■ **DATA LISTING**
*****

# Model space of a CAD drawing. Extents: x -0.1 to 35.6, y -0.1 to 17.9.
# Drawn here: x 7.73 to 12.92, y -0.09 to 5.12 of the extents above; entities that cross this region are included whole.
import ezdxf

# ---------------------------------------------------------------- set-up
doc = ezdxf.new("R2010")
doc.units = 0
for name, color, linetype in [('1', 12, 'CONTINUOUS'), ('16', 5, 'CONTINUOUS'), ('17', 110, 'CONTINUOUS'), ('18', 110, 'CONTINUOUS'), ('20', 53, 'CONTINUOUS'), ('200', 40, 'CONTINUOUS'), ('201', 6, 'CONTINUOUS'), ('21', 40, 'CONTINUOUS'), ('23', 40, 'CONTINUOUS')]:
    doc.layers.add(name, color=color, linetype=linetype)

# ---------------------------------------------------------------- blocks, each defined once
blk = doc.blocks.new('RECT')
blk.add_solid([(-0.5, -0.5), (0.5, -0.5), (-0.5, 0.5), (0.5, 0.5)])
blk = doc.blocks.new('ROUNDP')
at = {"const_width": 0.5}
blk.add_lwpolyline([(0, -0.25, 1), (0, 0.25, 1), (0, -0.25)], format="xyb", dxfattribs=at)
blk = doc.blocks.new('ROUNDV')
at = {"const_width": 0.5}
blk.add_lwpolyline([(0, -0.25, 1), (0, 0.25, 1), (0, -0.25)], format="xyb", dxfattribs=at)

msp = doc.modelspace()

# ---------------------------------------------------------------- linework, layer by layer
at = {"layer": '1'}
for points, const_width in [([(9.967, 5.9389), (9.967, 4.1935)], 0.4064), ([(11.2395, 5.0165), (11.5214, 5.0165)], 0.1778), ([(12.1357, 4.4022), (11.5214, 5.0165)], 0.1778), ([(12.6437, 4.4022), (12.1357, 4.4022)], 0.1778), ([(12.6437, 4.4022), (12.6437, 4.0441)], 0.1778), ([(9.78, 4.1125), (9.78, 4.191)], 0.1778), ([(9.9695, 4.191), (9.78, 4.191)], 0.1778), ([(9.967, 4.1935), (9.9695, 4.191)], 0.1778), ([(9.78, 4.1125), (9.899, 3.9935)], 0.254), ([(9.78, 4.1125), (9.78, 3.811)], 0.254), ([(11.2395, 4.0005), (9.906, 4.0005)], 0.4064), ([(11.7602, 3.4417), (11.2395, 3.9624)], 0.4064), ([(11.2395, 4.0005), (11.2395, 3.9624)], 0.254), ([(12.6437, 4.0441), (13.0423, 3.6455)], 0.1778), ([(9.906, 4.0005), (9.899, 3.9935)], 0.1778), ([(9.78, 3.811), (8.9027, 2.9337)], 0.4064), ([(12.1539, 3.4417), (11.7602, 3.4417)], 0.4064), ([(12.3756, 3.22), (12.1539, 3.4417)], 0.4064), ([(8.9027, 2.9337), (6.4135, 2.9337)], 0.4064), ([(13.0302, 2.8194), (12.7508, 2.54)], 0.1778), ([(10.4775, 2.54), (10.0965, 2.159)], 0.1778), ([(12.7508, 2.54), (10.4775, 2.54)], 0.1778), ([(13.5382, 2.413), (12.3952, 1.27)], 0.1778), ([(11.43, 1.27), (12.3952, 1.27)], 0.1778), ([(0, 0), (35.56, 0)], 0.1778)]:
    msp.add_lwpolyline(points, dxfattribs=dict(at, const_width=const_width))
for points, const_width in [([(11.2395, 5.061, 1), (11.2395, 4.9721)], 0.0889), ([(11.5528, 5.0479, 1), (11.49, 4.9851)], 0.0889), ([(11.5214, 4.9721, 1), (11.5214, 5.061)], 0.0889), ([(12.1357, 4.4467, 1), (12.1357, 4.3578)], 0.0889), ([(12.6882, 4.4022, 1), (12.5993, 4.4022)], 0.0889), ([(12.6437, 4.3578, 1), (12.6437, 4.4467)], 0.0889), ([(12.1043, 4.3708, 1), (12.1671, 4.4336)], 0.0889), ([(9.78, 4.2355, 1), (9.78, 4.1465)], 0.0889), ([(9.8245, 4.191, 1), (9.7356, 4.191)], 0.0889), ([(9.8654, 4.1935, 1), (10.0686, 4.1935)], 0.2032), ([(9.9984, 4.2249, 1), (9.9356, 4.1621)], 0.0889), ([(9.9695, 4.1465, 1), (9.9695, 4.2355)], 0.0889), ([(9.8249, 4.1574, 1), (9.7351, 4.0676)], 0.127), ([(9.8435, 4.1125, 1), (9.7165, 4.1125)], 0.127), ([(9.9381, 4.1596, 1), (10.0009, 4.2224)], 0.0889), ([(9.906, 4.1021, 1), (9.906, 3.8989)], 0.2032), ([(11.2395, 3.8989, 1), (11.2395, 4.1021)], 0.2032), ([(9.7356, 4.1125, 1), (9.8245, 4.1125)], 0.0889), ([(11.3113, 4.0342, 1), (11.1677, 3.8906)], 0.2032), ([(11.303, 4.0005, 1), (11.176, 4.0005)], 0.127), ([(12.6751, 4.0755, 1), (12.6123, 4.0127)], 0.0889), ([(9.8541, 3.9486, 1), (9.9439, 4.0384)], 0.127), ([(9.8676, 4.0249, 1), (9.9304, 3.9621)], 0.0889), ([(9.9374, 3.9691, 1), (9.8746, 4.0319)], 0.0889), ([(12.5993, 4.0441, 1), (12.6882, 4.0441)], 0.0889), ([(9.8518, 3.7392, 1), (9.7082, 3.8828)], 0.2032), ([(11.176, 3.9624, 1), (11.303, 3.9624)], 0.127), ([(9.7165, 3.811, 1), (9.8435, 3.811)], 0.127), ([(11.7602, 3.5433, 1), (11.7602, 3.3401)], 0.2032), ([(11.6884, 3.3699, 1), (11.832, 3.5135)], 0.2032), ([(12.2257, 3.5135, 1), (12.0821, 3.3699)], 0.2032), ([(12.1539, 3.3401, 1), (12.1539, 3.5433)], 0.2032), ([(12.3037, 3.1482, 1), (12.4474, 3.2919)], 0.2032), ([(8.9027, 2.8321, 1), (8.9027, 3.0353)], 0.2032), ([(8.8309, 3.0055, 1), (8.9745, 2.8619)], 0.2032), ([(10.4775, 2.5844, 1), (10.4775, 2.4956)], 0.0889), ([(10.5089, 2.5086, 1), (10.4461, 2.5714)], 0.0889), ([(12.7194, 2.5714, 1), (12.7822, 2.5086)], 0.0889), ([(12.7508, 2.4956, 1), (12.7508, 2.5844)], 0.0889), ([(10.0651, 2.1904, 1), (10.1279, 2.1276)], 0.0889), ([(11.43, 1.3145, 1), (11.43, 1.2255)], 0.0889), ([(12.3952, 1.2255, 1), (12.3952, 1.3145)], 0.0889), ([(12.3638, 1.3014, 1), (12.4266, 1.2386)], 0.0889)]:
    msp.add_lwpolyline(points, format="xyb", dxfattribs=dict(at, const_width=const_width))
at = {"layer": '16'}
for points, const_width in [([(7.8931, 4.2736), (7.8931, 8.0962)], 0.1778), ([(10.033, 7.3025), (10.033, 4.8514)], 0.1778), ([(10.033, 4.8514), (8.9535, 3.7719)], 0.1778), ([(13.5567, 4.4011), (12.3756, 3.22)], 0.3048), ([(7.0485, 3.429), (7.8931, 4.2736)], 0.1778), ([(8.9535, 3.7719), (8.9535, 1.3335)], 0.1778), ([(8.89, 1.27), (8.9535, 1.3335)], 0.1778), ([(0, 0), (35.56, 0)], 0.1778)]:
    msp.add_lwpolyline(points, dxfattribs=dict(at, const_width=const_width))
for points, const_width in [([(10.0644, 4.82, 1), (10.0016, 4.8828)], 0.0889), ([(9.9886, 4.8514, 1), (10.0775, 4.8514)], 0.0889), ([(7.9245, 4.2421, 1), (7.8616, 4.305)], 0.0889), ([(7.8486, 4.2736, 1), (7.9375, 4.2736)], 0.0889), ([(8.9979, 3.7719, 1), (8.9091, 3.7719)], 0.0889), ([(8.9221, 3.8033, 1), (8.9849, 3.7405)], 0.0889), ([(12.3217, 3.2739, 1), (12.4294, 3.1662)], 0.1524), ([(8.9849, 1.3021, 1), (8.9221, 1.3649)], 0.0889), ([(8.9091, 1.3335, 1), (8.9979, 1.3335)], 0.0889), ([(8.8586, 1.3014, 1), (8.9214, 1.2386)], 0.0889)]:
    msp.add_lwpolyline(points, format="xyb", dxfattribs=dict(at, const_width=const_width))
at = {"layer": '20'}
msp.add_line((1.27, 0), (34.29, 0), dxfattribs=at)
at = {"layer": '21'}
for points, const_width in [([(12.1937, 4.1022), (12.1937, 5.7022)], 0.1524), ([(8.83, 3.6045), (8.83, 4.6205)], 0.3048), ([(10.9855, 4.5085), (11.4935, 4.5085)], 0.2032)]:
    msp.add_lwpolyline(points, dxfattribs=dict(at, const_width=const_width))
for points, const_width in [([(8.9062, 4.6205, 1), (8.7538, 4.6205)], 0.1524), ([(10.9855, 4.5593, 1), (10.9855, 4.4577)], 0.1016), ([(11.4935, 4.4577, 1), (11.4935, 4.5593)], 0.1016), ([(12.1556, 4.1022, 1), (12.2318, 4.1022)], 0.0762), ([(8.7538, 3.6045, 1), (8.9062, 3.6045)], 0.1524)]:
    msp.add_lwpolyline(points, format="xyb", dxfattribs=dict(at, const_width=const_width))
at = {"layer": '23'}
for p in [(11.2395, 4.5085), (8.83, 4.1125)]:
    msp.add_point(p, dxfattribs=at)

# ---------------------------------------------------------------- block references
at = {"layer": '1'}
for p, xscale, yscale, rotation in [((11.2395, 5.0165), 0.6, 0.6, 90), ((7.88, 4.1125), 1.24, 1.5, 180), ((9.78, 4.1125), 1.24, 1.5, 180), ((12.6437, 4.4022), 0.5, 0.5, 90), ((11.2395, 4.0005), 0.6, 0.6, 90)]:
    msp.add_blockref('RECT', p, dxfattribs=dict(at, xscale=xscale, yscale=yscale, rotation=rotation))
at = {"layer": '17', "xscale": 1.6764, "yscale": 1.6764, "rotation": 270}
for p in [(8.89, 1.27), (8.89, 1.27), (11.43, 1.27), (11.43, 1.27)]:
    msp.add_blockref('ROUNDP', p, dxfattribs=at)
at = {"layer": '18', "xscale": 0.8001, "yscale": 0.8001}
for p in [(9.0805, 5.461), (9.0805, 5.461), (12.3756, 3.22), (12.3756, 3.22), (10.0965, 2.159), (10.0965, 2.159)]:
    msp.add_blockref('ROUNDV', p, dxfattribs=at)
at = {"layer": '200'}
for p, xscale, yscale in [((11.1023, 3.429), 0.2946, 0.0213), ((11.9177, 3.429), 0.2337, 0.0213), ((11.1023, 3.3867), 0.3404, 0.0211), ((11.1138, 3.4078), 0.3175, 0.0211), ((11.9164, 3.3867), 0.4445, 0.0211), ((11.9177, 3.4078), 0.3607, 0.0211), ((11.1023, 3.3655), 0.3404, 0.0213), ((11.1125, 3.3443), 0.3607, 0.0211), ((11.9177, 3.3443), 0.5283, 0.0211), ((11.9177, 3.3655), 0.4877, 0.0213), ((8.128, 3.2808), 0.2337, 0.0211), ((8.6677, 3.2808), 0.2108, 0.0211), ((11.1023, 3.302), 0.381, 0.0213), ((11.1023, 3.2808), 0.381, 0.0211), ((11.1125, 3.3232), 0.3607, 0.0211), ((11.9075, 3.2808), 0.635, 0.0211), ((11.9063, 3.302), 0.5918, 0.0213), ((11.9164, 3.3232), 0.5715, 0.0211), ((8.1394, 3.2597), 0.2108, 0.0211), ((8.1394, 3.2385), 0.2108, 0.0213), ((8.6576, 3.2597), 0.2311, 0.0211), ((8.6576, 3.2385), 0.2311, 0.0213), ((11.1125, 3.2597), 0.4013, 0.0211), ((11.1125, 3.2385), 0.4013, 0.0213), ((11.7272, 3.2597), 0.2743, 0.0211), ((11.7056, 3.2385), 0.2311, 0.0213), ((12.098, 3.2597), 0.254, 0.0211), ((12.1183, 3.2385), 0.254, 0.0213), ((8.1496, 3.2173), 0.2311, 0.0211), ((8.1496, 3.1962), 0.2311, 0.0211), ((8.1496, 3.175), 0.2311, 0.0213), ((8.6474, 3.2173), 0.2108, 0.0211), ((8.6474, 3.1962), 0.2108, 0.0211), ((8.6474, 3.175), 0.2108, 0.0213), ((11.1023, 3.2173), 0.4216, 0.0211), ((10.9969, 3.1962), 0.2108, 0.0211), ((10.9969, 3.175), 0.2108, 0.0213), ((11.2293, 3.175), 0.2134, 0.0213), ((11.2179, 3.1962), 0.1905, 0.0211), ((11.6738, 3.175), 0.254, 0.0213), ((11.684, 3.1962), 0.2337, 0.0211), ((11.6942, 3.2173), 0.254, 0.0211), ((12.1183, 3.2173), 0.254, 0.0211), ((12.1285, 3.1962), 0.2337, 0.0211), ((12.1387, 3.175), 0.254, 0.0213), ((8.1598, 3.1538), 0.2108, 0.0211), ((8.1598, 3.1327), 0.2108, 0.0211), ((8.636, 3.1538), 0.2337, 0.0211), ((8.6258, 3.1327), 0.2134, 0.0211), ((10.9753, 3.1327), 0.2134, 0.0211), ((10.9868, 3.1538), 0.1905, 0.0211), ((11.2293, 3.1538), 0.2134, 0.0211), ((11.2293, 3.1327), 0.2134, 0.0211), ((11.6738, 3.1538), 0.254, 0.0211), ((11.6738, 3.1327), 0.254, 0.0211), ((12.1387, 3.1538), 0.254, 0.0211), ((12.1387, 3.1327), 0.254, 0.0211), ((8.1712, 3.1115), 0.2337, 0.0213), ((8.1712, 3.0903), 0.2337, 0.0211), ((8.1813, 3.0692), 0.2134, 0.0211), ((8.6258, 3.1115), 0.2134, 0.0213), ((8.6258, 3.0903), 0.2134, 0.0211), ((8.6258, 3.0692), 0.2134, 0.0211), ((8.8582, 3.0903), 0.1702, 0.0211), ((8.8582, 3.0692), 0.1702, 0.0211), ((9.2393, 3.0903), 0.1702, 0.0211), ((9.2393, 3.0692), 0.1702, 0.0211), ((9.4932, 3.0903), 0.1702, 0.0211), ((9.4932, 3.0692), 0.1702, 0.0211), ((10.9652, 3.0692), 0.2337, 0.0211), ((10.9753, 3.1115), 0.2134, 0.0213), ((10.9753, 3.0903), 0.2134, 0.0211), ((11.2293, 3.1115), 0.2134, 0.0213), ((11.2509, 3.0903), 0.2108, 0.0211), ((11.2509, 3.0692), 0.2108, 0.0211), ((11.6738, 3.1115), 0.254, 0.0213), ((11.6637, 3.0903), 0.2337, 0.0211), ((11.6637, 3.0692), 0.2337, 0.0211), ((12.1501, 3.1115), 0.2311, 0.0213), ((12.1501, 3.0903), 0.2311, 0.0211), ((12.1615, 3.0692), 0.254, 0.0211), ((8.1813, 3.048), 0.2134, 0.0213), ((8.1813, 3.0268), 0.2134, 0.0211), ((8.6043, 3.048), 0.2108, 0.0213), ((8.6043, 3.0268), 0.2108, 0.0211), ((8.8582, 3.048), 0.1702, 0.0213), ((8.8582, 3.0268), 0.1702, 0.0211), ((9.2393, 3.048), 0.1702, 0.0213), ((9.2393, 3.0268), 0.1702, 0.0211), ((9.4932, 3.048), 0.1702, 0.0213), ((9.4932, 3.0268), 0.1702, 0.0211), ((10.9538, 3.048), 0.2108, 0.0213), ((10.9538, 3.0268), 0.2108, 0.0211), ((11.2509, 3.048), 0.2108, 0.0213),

*****

■ **WHAT THIS TASK INVOLVES**
Across all the lines of the data, count those that include the word "ROUNDV" and reply with that number only.

■ **YOUR RESPONSE**
2